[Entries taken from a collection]
|---|

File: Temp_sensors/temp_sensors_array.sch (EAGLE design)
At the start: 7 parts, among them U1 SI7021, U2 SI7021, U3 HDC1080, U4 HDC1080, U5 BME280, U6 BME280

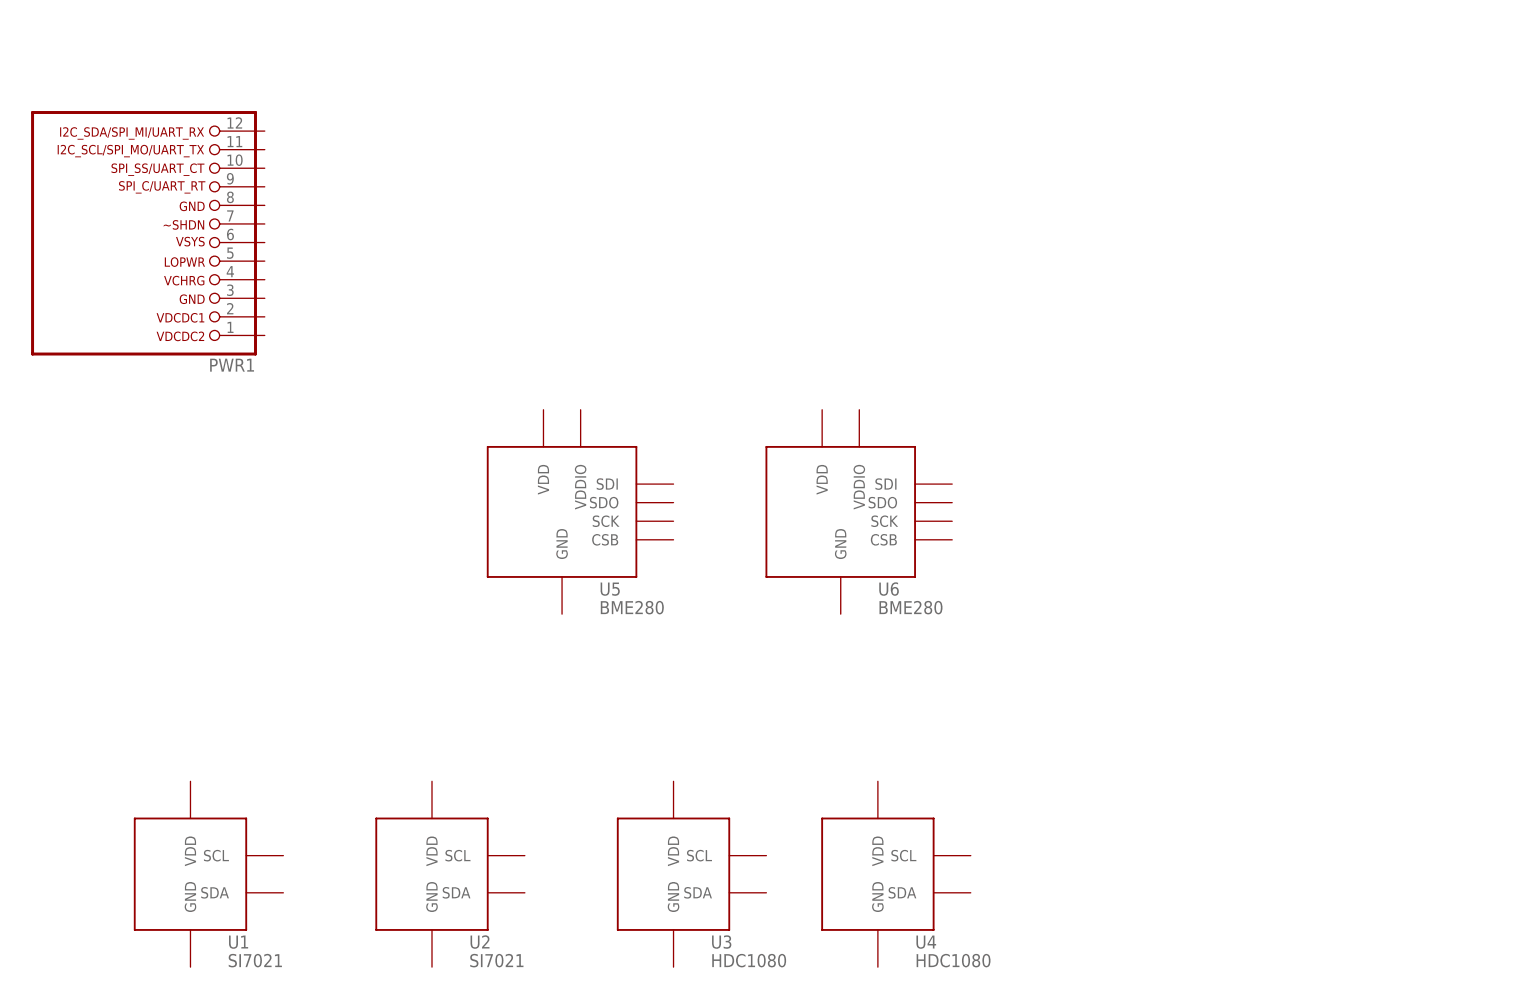
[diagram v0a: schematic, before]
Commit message: temp_array: added PCA9548APWR
Signed-off-by: malo <malo@25cmsquare.io>
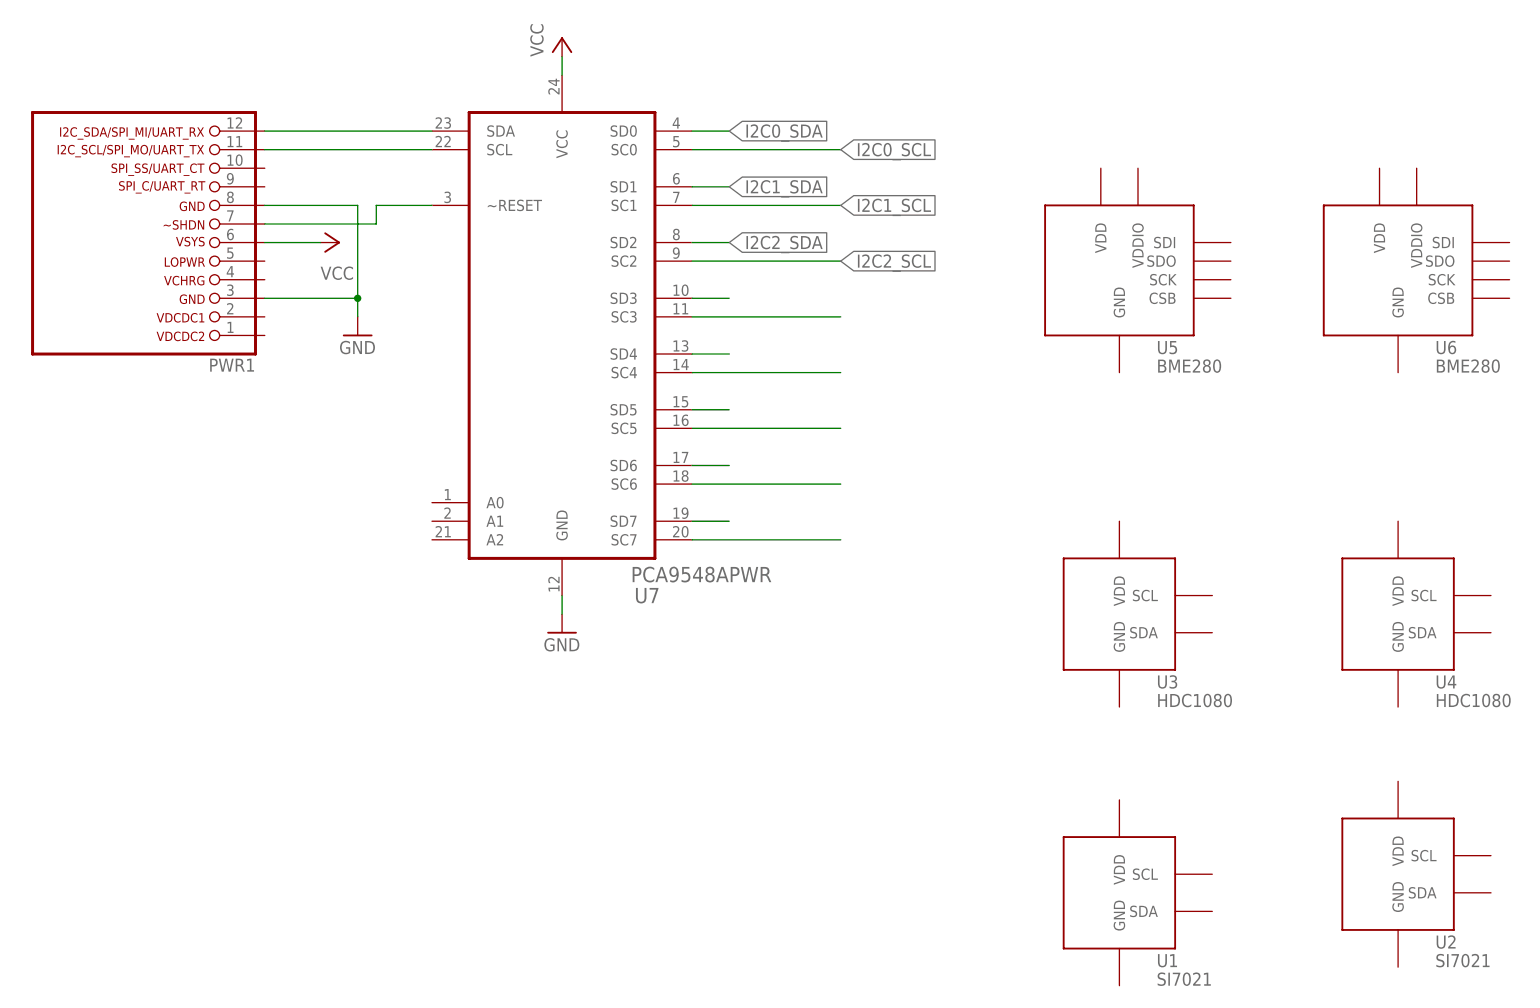
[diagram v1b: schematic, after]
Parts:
- added U7: PCA9548APWR, Texas Instruments_By_element14_Batch_1:PCA9548APWR
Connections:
- new net GND: PWR1.3, PWR1.8, U7.GND
- new net I2C0_SCL: U7.SC0
- new net I2C0_SDA: U7.SD0
- new net I2C1_SCL: U7.SC1
- new net I2C1_SDA: U7.SD1
- new net I2C2_SCL: U7.SC2
- new net I2C2_SDA: U7.SD2
- new net N$1: PWR1.12, U7.SDA
- new net N$10: U7.SD6
- new net N$11: U7.SC6
- new net N$12: U7.SD7
- new net N$13: U7.SC7
- new net N$2: PWR1.11, U7.SCL
- new net N$3: PWR1.7, U7.~RESET
- new net N$4: U7.SD3
- new net N$5: U7.SC3
- new net N$6: U7.SD4
- new net N$7: U7.SC4
- new net N$8: U7.SD5
- new net N$9: U7.SC5
- new net VCC: PWR1.6, U7.VCC
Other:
- moved on the sheet: U1, U2, U3, U4, U5, U6
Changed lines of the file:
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@@
 <part name="U5" library="25cmsquare" deviceset="BME280" device=""/>
 <part name="U6" library="25cmsquare" deviceset="BME280" device=""/>
+<part name="U7" library="Texas Instruments_By_element14_Batch_1" deviceset="PCA9548APWR" device=""/>
+<part name="GND1" library="supply1" deviceset="GND" device=""/>
+<part name="GND2" library="supply1" deviceset="GND" device=""/>
+<part name="P+1" library="supply1" deviceset="VCC" device=""/>
+<part name="P+2" library="supply1" deviceset="VCC" device=""/>
 </parts>
 <sheets>
@@
 </plain>
 <instances>
-<instance part="U1" gate="G$1" x="35.56" y="63.5"/>
-<instance part="U2" gate="G$1" x="68.58" y="63.5"/>
+<instance part="U1" gate="G$1" x="162.56" y="60.96"/>
+<instance part="U2" gate="G$1" x="200.66" y="63.5"/>
 <instance part="PWR1" gate="G$1" x="27.94" y="142.24" rot="R180"/>
 <instance part="FRAME1" gate="G$1" x="0" y="0"/>
-<instance part="U3" gate="G$1" x="101.6" y="55.88"/>
-<instance part="U4" gate="G$1" x="129.54" y="55.88"/>
-<instance part="U5" gate="G$1" x="78.74" y="96.52"/>
-<instance part="U6" gate="G$1" x="116.84" y="96.52"/>
+<instance part="U3" gate="G$1" x="162.56" y="91.44"/>
+<instance part="U4" gate="G$1" x="200.66" y="91.44"/>
+<instance part="U5" gate="G$1" x="154.94" y="129.54"/>
+<instance part="U6" gate="G$1" x="193.04" y="129.54"/>
+<instance part="U7" gate="A" x="86.36" y="129.54"/>
+<instance part="GND1" gate="1" x="58.42" y="129.54"/>
+<instance part="GND2" gate="1" x="86.36" y="88.9"/>
+<instance part="P+1" gate="VCC" x="86.36" y="170.18"/>
+<instance part="P+2" gate="VCC" x="55.88" y="142.24" smashed="yes" rot="R270">
+<attribute name="VALUE" x="53.34" y="137.16" size="1.778" layer="96"/>
+</instance>
 </instances>
 <busses>
 </busses>
 <nets>
+<net name="N$1" class="0">
+<segment>
+<pinref part="PWR1" gate="G$1" pin="12"/>
+<pinref part="U7" gate="A" pin="SDA"/>
+<wire x1="45.72" y1="157.48" x2="68.58" y2="157.48" width="0.1524" layer="91"/>
+</segment>
+</net>
+<net name="N$2" class="0">
+<segment>
+<pinref part="PWR1" gate="G$1" pin="11"/>
+<pinref part="U7" gate="A" pin="SCL"/>
+<wire x1="45.72" y1="154.94" x2="68.58" y2="154.94" width="0.1524" layer="91"/>
+</segment>
+</net>
+<net name="N$3" class="0">
+<segment>
+<pinref part="PWR1" gate="G$1" pin="7"/>
+<wire x1="45.72" y1="144.78" x2="60.96" y2="144.78" width="0.1524" layer="91"/>
+<wire x1="60.96" y1="144.78" x2="60.96" y2="147.32" width="0.1524" layer="91"/>
+<pinref part="U7" gate="A" pin="~RESET"/>
+<wire x1="60.96" y1="147.32" x2="68.58" y2="147.32" width="0.1524" layer="91"/>
+</segment>
+</net>
+<net name="GND" class="0">
+<segment>
+<pinref part="PWR1" gate="G$1" pin="3"/>
+<wire x1="45.72" y1="134.62" x2="58.42" y2="134.62" width="0.1524" layer="91"/>
+<wire x1="58.42" y1="134.62" x2="58.42" y2="132.08" width="0.1524" layer="91"/>
+<pinref part="GND1" gate="1" pin="GND"/>
+<pinref part="PWR1" gate="G$1" pin="8"/>
+<wire x1="45.72" y1="147.32" x2="58.42" y2="147.32" width="0.1524" layer="91"/>
+<wire x1="58.42" y1="147.32" x2="58.42" y2="134.62" width="0.1524" layer="91"/>
+<junction x="58.42" y="134.62"/>
+</segment>
+<segment>
+<pinref part="U7" gate="A" pin="GND"/>
+<pinref part="GND2" gate="1" pin="GND"/>
+<wire x1="86.36" y1="93.98" x2="86.36" y2="91.44" width="0.1524" layer="91"/>
+</segment>
+</net>
+<net name="VCC" class="0">
+<segment>
+<pinref part="PWR1" gate="G$1" pin="6"/>
+<pinref part="P+2" gate="VCC" pin="VCC"/>
+<wire x1="45.72" y1="142.24" x2="53.34" y2="142.24" width="0.1524" layer="91"/>
+</segment>
+<segment>
+<pinref part="U7" gate="A" pin="VCC"/>
+<pinref part="P+1" gate="VCC" pin="VCC"/>
+<wire x1="86.36" y1="165.1" x2="86.36" y2="167.64" width="0.1524" layer="91"/>
+</segment>
+</net>
+<net name="I2C0_SDA" class="0">
+<segment>
+<pinref part="U7" gate="A" pin="SD0"/>
+<wire x1="104.14" y1="157.48" x2="109.22" y2="157.48" width="0.1524" layer="91"/>
+<label x="109.22" y="157.48" size="1.778" layer="95" xref="yes"/>
+</segment>
+</net>
+<net name="I2C0_SCL" class="0">
+<segment>
+<pinref part="U7" gate="A" pin="SC0"/>
+<wire x1="104.14" y1="154.94" x2="124.46" y2="154.94" width="0.1524" layer="91"/>
+<label x="124.46" y="154.94" size="1.778" layer="95" xref="yes"/>
+</segment>
+</net>
+<net name="I2C1_SDA" class="0">
+<segment>
+<pinref part="U7" gate="A" pin="SD1"/>
+<wire x1="104.14" y1="149.86" x2="109.22" y2="149.86" width="0.1524" layer="91"/>
+<label x="109.22" y="149.86" size="1.778" layer="95" xref="yes"/>
+</segment>
+</net>
+<net name="I2C1_SCL" class="0">
+<segment>
+<pinref part="U7" gate="A" pin="SC1"/>
+<wire x1="104.14" y1="147.32" x2="124.46" y2="147.32" width="0.1524" layer="91"/>
+<label x="124.46" y="147.32" size="1.778" layer="95" xref="yes"/>
+</segment>
+</net>
+<net name="I2C2_SDA" class="0">
+<segment>
+<pinref part="U7" gate="A" pin="SD2"/>
+<wire x1="104.14" y1="142.24" x2="109.22" y2="142.24" width="0.1524" layer="91"/>
+<label x="109.22" y="142.24" size="1.778" layer="95" xref="yes"/>
+</segment>
+</net>
+<net name="I2C2_SCL" class="0">
+<segment>
+<pinref part="U7" gate="A" pin="SC2"/>
+<wire x1="104.14" y1="139.7" x2="124.46" y2="139.7" width="0.1524" layer="91"/>
+<label x="124.46" y="139.7" size="1.778" layer="95" xref="yes"/>
+</segment>
+</net>
+<net name="N$4" class="0">
+<segment>
+<pinref part="U7" gate="A" pin="SD3"/>
+<wire x1="104.14" y1="134.62" x2="109.22" y2="134.62" width="0.1524" layer="91"/>
+</segment>
+</net>
+<net name="N$5" class="0">
+<segment>
+<pinref part="U7" gate="A" pin="SC3"/>
+<wire x1="104.14" y1="132.08" x2="124.46" y2="132.08" width="0.1524" layer="91"/>
+</segment>
+</net>
+<net name="N$6" class="0">
+<segment>
+<pinref part="U7" gate="A" pin="SD4"/>
+<wire x1="104.14" y1="127" x2="109.22" y2="127" width="0.1524" layer="91"/>
+</segment>
+</net>
+<net name="N$7" class="0">
+<segment>
+<pinref part="U7" gate="A" pin="SC4"/>
+<wire x1="104.14" y1="124.46" x2="124.46" y2="124.46" width="0.1524" layer="91"/>
+</segment>
+</net>
+<net name="N$8" class="0">
+<segment>
+<pinref part="U7" gate="A" pin="SD5"/>
+<wire x1="104.14" y1="119.38" x2="109.22" y2="119.38" width="0.1524" layer="91"/>
+</segment>
+</net>
+<net name="N$9" class="0">
+<segment>
+<pinref part="U7" gate="A" pin="SC5"/>
+<wire x1="104.14" y1="116.84" x2="124.46" y2="116.84" width="0.1524" layer="91"/>
+</segment>
+</net>
+<net name="N$10" class="0">
+<segment>
+<pinref part="U7" gate="A" pin="SD6"/>
+<wire x1="104.14" y1="111.76" x2="109.22" y2="111.76" width="0.1524" layer="91"/>
+</segment>
+</net>
+<net name="N$11" class="0">
+<segment>
+<pinref part="U7" gate="A" pin="SC6"/>
+<wire x1="104.14" y1="109.22" x2="124.46" y2="109.22" width="0.1524" layer="91"/>
+</segment>
+</net>
+<net name="N$12" class="0">
+<segment>
+<pinref part="U7" gate="A" pin="SD7"/>
+<wire x1="104.14" y1="104.14" x2="109.22" y2="104.14" width="0.1524" layer="91"/>
+</segment>
+</net>
+<net name="N$13" class="0">
+<segment>
+<pinref part="U7" gate="A" pin="SC7"/>
+<wire x1="104.14" y1="101.6" x2="124.46" y2="101.6" width="0.1524" layer="91"/>
+</segment>
+</net>
 </nets>
 </sheet>

|---|

**Action item**
An answer is complete only when it holds every line above containing the string "RESET".

**Written answer**
- new net N$3: PWR1.7, U7.~RESET
+<pinref part="U7" gate="A" pin="~RESET"/>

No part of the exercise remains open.